Audit trail. Every data access (who called which tool, who read which memory topic) needs a log entry with actor, resource, action, timestamp. This is what satisfies auditors and what you use internally when a breach is suspected.
7. Operational runbook checklist#
Before going live, walk through this list. If any item is unchecked, either check it or write a decision record explaining why not.
-
CostGovernorconfigured with budgets per tenant - Secrets loaded from a real backend, not
.env - Key rotation schedule documented and tested (actually rotate a key in staging)
- At least two regions configured with failover probed regularly
- Liveness and readiness probes on every pod
- HPA on the worker pool with queue-depth metric
- SIGTERM grace period long enough for the longest in-flight task
- All logs ship to a central aggregator (Datadog, Loki, Splunk, CloudWatch)
- Cost dashboard visible to the team; alert fires on budget 80%
- Incident monitor configured with at least three patterns (repeat errors, cost spike, latency regression)
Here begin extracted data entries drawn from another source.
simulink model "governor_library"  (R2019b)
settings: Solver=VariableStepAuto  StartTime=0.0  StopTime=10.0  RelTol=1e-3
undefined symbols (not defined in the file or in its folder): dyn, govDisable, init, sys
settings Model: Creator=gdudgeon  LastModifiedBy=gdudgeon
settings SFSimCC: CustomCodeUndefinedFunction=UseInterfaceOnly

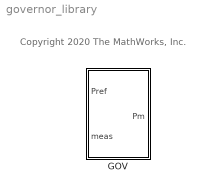
== system governor_library ==
  note: Copyright 2020 The MathWorks, Inc.
  GOV : Subsystem  VariantControlMode=Label  Variant=on  LabelModeActiveChoice=Variant1
      settings: AttributesFormatString=%<BlockChoice>

== system governor_library/GOV ==
  Pref : Inport
  meas : Inport  Port=2
  GGOV1 : Subsystem  VariantControl=Variant1  mask{p=dyn.ggov1_102_GAS, g=sys.GENERATOR(2)}
      mask prompts: p "Parameters"; g "generator"
      mask DialogControl DescGroupVar Prompt: GGOV1
  IEEEG3 : Subsystem  VariantControl=Variant2  mask{p=dyn.ieeeg3_102_HYDRO}
      mask prompts: p "Parameters"
      mask DialogControl DescGroupVar Prompt: IEEEG3
  Pm : Outport  VectorParamsAs1DForOutWhenUnconnected=off

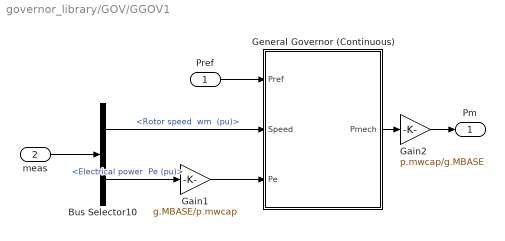
== system governor_library/GOV/GGOV1 ==
  Pref : Inport
  meas : Inport  Port=2
  Bus Selector10 : BusSelector  OutputSignals="Mechanical.Rotor speed  wm  (pu),Mechanical.Electrical power  Pe (pu)"
  Gain1 : Gain  Gain=g.MBASE/p.mwcap
  Gain2 : Gain  Gain=p.mwcap/g.MBASE
  "General Governor (Continuous) " : Subsystem  mask(GGOV1 Governor Model){Tpelec=p.tpelec, Kpgov=p.kpgov, Kigov=p.kigov, Kdgov=p.kdgov, Tdgov=p.tdgov, errvec=[p.minerr p.maxerr], vvec=[p.vmin p.vmax], r=p.r, rselect=Electrical Power, Tact=p.tact, Kturb=p.kturb, wfnl=p.wfnl, Tb=p.tb, Tc=p.tc, Teng=p.teng, Flag=Fuel Flow Proportional to Speed, Tfload=p.tfload, Kpload=p.kpload, Kiload=p.kiload, Ldref=p.ldref, Dm=p.dm, rvec=[p.rclose p.ropen], Kimw=p.kimw, Pmwset=p.pmwset, aset=p.aset, Ka=p.ka, Ta=p.ta, db=p.db, Tsa=p.tsa, Tsb=p.tsb, rlimitvec=[p.rdown p.rup], Tau=1e-4}
      mask prompts: Tpelec "Tpelec, Electrical Power Transducer Time Constant [s]"; Kpgov "Kpgov, Proportional Gain"; Kigov "Kigov, Integral Gain"; Kdgov "Kdgov, Derivative Gain"; Tdgov "Tdgov, Derivative Time Constant [s]"; errvec "[minerr maxerr], Speed Error Limits"; vvec "[vmin vmax], Valve Limits"; r "r, Permanent droop [pu]"; rselect "Feedback for Droop"; Tact "Tact, Actuator Time Constant"; Kturb "Kturb, Turbine Gain"; wfnl "wfnl, No Load Fuel Flow [pu]"; Tb "Tb, Lag Time Constant [s]"; Tc "Tc, Lead Time Constant [s]"; Teng "Teng, Transport Lag for Diesel [s]"; Flag "Fuel Source Characteristic"; Tfload "Tfload, Time Constant [s]"; Kpload "Kpload, Proportional Gain"; Kiload "Kiload, Integral Gain"; Ldref "Ldref, Load Limiter Reference Value [pu]"; Dm "Dm, Speed Sensitivity Coefficient [pu]"; rvec "[rclose ropen], Valve Opening Rates [pu/s]"; Kimw "Kimw, Power Controller Gain"; Pmwset "Pmwset, Power Controller Setpoint [MW]"; aset "aset, Acceleration Limiter Setpoint [pu/s]"; Ka "Ka, Acceleration Limiter Gain"; Ta "Ta, Acceleration Limiter Time Constant [s]"; db "db, Speed Governor Dead Band"; Tsa "Tsa, Temperature Detection Lead [s]"; Tsb "Tsb, Temperature Detection Lag [s]"; rlimitvec "[rdown rup], Load Limit Rates"; Tau "Algebraic Loop Time Constant [s]"
      mask init:
      | minerr = errvec(1);   maxerr = errvec(2);
      | vmin = vvec(1);       vmax = vvec(2);
      | ropen = rvec(2);      rclose = rvec(1);
      | rdown = rlimitvec(1); rup = rlimitvec(2);
      mask TypeOptions rselect: Electrical Power | None - Isochronous Governor | Fuel Valve Stroke - True Stroke | Governor Ouput - Requested Stroke
      mask TypeOptions Flag: Fuel Flow Independent of Speed | Fuel Flow Proportional to Speed
      mask DialogControl Container9 Prompt: Governor
      mask DialogControl Container11 Prompt: Droop
      mask DialogControl Container12 Prompt: Turbine
      mask DialogControl Container13 Prompt: Load Limiter
      mask DialogControl Container16 Prompt: Additional Limits
      mask DialogControl Container8 Prompt: Other
      mask Display:
      | port_label('input',1,'Pref');
      | port_label('input',2,'Speed');
      | port_label('input',3,'Pe');
      | port_label('output',1,'Pmech');
      | 
      | color('blue');disp('GGOV1')
  Pm : Outport  VectorParamsAs1DForOutWhenUnconnected=off
  wires:
  Gain2/1 -> Pm/1
  Gain1/1 -> "General Governor (Continuous) "/3(Pe)
  "General Governor (Continuous) "/1(Pmech) -> Gain2/1
  meas/1 -> Bus Selector10/1
  Pref/1 -> "General Governor (Continuous) "/1(Pref)
  Bus Selector10/2 -> Gain1/1  "<Electrical power  Pe (pu)>"
  Bus Selector10/1 -> "General Governor (Continuous) "/2(Speed)  "<Rotor speed  wm  (pu)>"

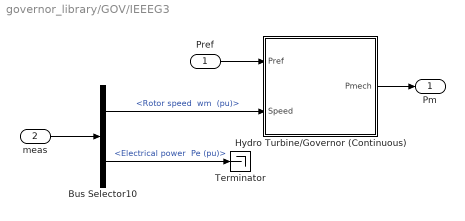
== system governor_library/GOV/IEEEG3 ==
  Pref : Inport
  meas : Inport  Port=2
  Bus Selector10 : BusSelector  OutputSignals="Mechanical.Rotor speed  wm  (pu),Mechanical.Electrical power  Pe (pu)"
  Hydro Turbine/Governor (Continuous) : Subsystem  mask(IEEEG3 Hydro Turbine/Governor Model){Tg=p.tg, Tp=p.tp, Uo=p.uo, Uc=p.uc, Pmax=p.pmax, Pmin=p.pmin, Rperm=p.rperm, Rtemp=p.rtemp, Tr=p.tr, Tw=p.tw, Kturb=p.kturb, Aturb=p.aturb, Bturb=p.bturb, db1=p.db1, eps=p.eps, db2=p.db2, Gv=[p.gv1 p.gv2 p.gv3 p.gv4 p.gv5 p.gv6], Pgv=[p.pgv1 p.pgv2 p.pgv3 p.pgv4 p.pgv5 p.pgv6]}
      mask prompts: Tg "Tg, Gate servo time constant [s]"; Tp "Tp, Pilot servo time constant [s]"; Uo "Uo, Maximum gate opening rate [pu/sec]"; Uc "Uc, Maximum gate closing rate [pu/s]"; Pmax "Pmax, Max gate opening [pu of mw]"; Pmin "Pmin, Minimum gate opening [pu of mx]"; Rperm "Rperm, Permanent droop [pu]"; Rtemp "Rtemp, Temporary droop [pu]"; Tr "Tr, Dashpot time constant [s]"; Tw "Tw, Water inertia time constant [s]"; Kturb "Kturb, Turbine gain [pu]"; Aturb "Aturb, Turbine numerator"; Bturb "Bturb, Turbine denominator"; db1 "db1, Intentional deadband width, Hz"; eps "eps, Intentional deadband hysteresis, Hz"; db2 "db2, Unintentional deadband [MW]"; Gv "Gv, Nonlinear Gain Points [Gv1 Gv2 Gv3 Gv4 Gv5 Gv6], [pu]"; Pgv "Pgv, Nonlinear Gain Points [Pgv1 Pgv2 Pgv3 Pgv4 Pgv5 Pgv6], [pu]"
      mask DialogControl Container9 Prompt: Gate
      mask DialogControl Container11 Prompt: Droop
      mask DialogControl Container12 Prompt: Turbine
      mask DialogControl Container13 Prompt: Nonlinear Effects
      mask Display:
      | port_label('input',1,'Pref');
      | port_label('input',2,'Speed');
      | port_label('output',1,'Pmech');
      | 
      | color('blue');disp('IEEEG3')
  Terminator : Terminator
  Pm : Outport  VectorParamsAs1DForOutWhenUnconnected=off
  wires:
  Bus Selector10/1 -> Hydro Turbine/Governor (Continuous)/2(Speed)  "<Rotor speed  wm  (pu)>"
  Hydro Turbine/Governor (Continuous)/1(Pmech) -> Pm/1
  Bus Selector10/2 -> Terminator/1  "<Electrical power  Pe (pu)>"
  Pref/1 -> Hydro Turbine/Governor (Continuous)/1(Pref)
  meas/1 -> Bus Selector10/1

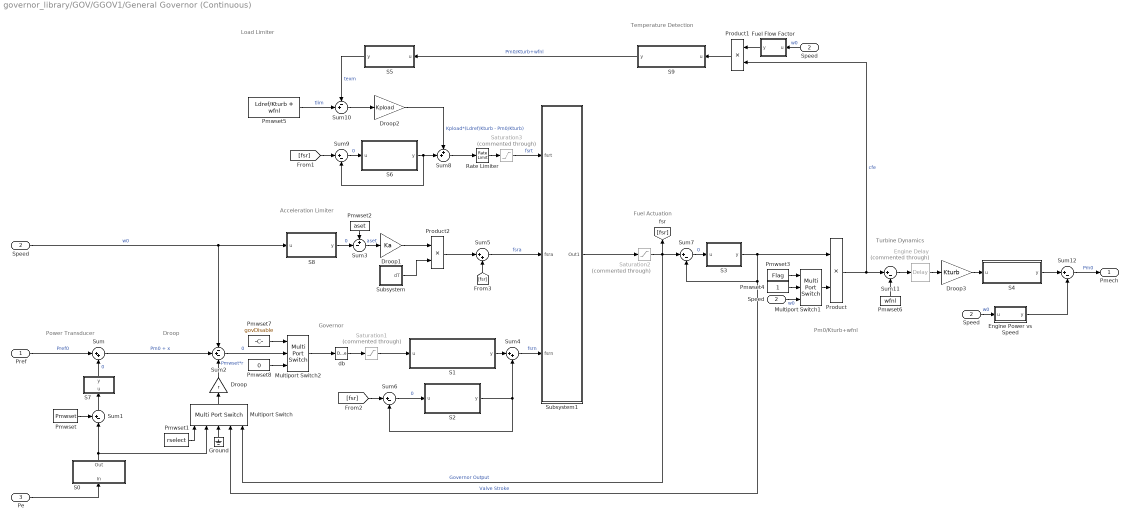
== system governor_library/GOV/GGOV1/General Governor (Continuous)  ==
  note: Pm0/Kturb+wfnl
  note: Load Limiter
  note: Temperature Detection
  note: Turbine Dynamics
  note: Fuel Actuation
  note: Power Transducer
  note: Droop
  note: Governor
  note: Acceleration Limiter
  Pref : Inport
  Speed : Inport  Port=2
  Pe : Inport  Port=3
  " Speed " : InportShadow  Port=2
  Droop : Gain  Gain=r
  Droop1 : Gain  Gain=Ka
  Droop2 : Gain  Gain=Kpload
  Droop3 : Gain  Gain=Kturb
  Engine Delay : TransportDelay  Commented=through  DelayTime=Teng
  Engine Power vs Speed : Subsystem
      mask Display: disp('D_m \times \omega','texmode','on');
  Fuel Flow Factor : Subsystem
      mask Display: disp('\omega^{Dm}','texmode','on');
  Ground : Ground
  Multiport Switch : MultiPortSwitch  Inputs=4
  Multiport Switch1 : MultiPortSwitch  Inputs=2
  Multiport Switch2 : MultiPortSwitch  DataPortOrder=Zero-based contiguous  Inputs=2  zeroidx=on
  Pmwset : Constant  Value=Pmwset
  Pmwset1 : Constant  Value=rselect
  Pmwset2 : Constant  Value=aset
  Pmwset3 : Constant  Value=Flag
  Pmwset4 : Constant
  Pmwset5 : Constant  Value=Ldref/Kturb + wfnl
  Pmwset6 : Constant  Value=wfnl
  Pmwset7 : Constant  Value=govDisable
  Pmwset8 : Constant  Value=0
  Product : Product
  Product1 : Product
  Product2 : Product
  Rate Limiter : RateLimiter  RisingSlewLimit=rup  FallingSlewLimit=rdown  SampleTimeMode=inherited
      settings: AttributesFormatString=|
      | %<RisingSlewLimit>
      | %<FallingSlewLimit>
  S0 : Subsystem
      mask Display: disp('1 / (1 + s T_{pelec})','texmode','on');
  S1 : Subsystem
      mask Display: disp('K_{pgov} + s K_{dgov} / (1 + s T_{dgov})','texmode','on');
  S2 : Subsystem
      mask Display: disp('K_{igov} / (s K_{pgov})','texmode','on');
  S3 : Subsystem
      mask Display: disp('1 / (s T_{act})','texmode','on');
  S4 : Subsystem
      mask Display: disp('(1 + s T_{c}) / (1 + s T_{b})','texmode','on');
  S5 : Subsystem
      mask Display: disp('1 / (1 + s T_{fload})','texmode','on');
  S6 : Subsystem
      mask Display: disp('K_{iload} / (s K_{pload})','texmode','on');
  S7 : Subsystem
      mask Display: disp('K_{imw}/s','texmode','on');
  S8 : Subsystem
      mask Display: disp('s / (1 + s T_a)','texmode','on');
  S9 : Subsystem
      mask Display: disp('(1 + s T_{sa}) / (1 + s T_{sb})','texmode','on');
  Saturation1 : Saturate  Commented=through  UpperLimit=maxerr  LowerLimit=minerr
      settings: AttributesFormatString=|
      | %<UpperLimit>
      | %<LowerLimit>
  Saturation2 : Saturate  Commented=through  UpperLimit=vmax  LowerLimit=vmin
      settings: AttributesFormatString=|
      | %<UpperLimit>
      | %<LowerLimit>
  Saturation3 : Saturate  Commented=through  UpperLimit=1  LowerLimit=-Inf
      settings: AttributesFormatString=|
      | %<UpperLimit>
      | %<LowerLimit>
  "Speed " : InportShadow  Port=2
  "Speed  " : InportShadow  Port=2
  Subsystem : Subsystem
      mask Display: disp('\Delta T','texmode','on');
  Subsystem1 : Subsystem
  Sum : Sum  Inputs=|++
  Sum1 : Sum  Inputs=+-|
  Sum10 : Sum  Inputs=-+|
  Sum{6..7,9,11..12} (5 alike) : Sum  Inputs=|+-
  Sum2 : Sum  Inputs=-+-
  Sum3 : Sum  Inputs=+-|
  Sum4 : Sum  Inputs=|++
  Sum5 : Sum  Inputs=|++
  Sum8 : Sum  Inputs=++|
  db : DeadZone  LowerValue=db  UpperValue=-db  SaturateOnIntegerOverflow=on
  Pmech : Outport  VectorParamsAs1DForOutWhenUnconnected=off
  wires:
  Pmwset8/1 -> Multiport Switch2/3
  Sum2/1 -> Multiport Switch2/2  "0"
  Pmwset7/1 -> Multiport Switch2/1
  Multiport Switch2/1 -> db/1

- Escalation paths routed (Slack, PagerDuty, email) with on-call rotation
- PII sanitizer wired into the audit hook
- Retention policy enforced by a daily job
- Right-to-delete API endpoint and test
- Audit trail written for every tool call and memory access
- Runbook written for the three most likely incidents
- Chaos test: kill one pod at random, verify recovery
- Load test: 10x expected peak traffic, verify no cost governor surprises
This list is not exhaustive. It is the floor. Every operational surprise you have in production will be because of something not on this list; treat that as input to expand it.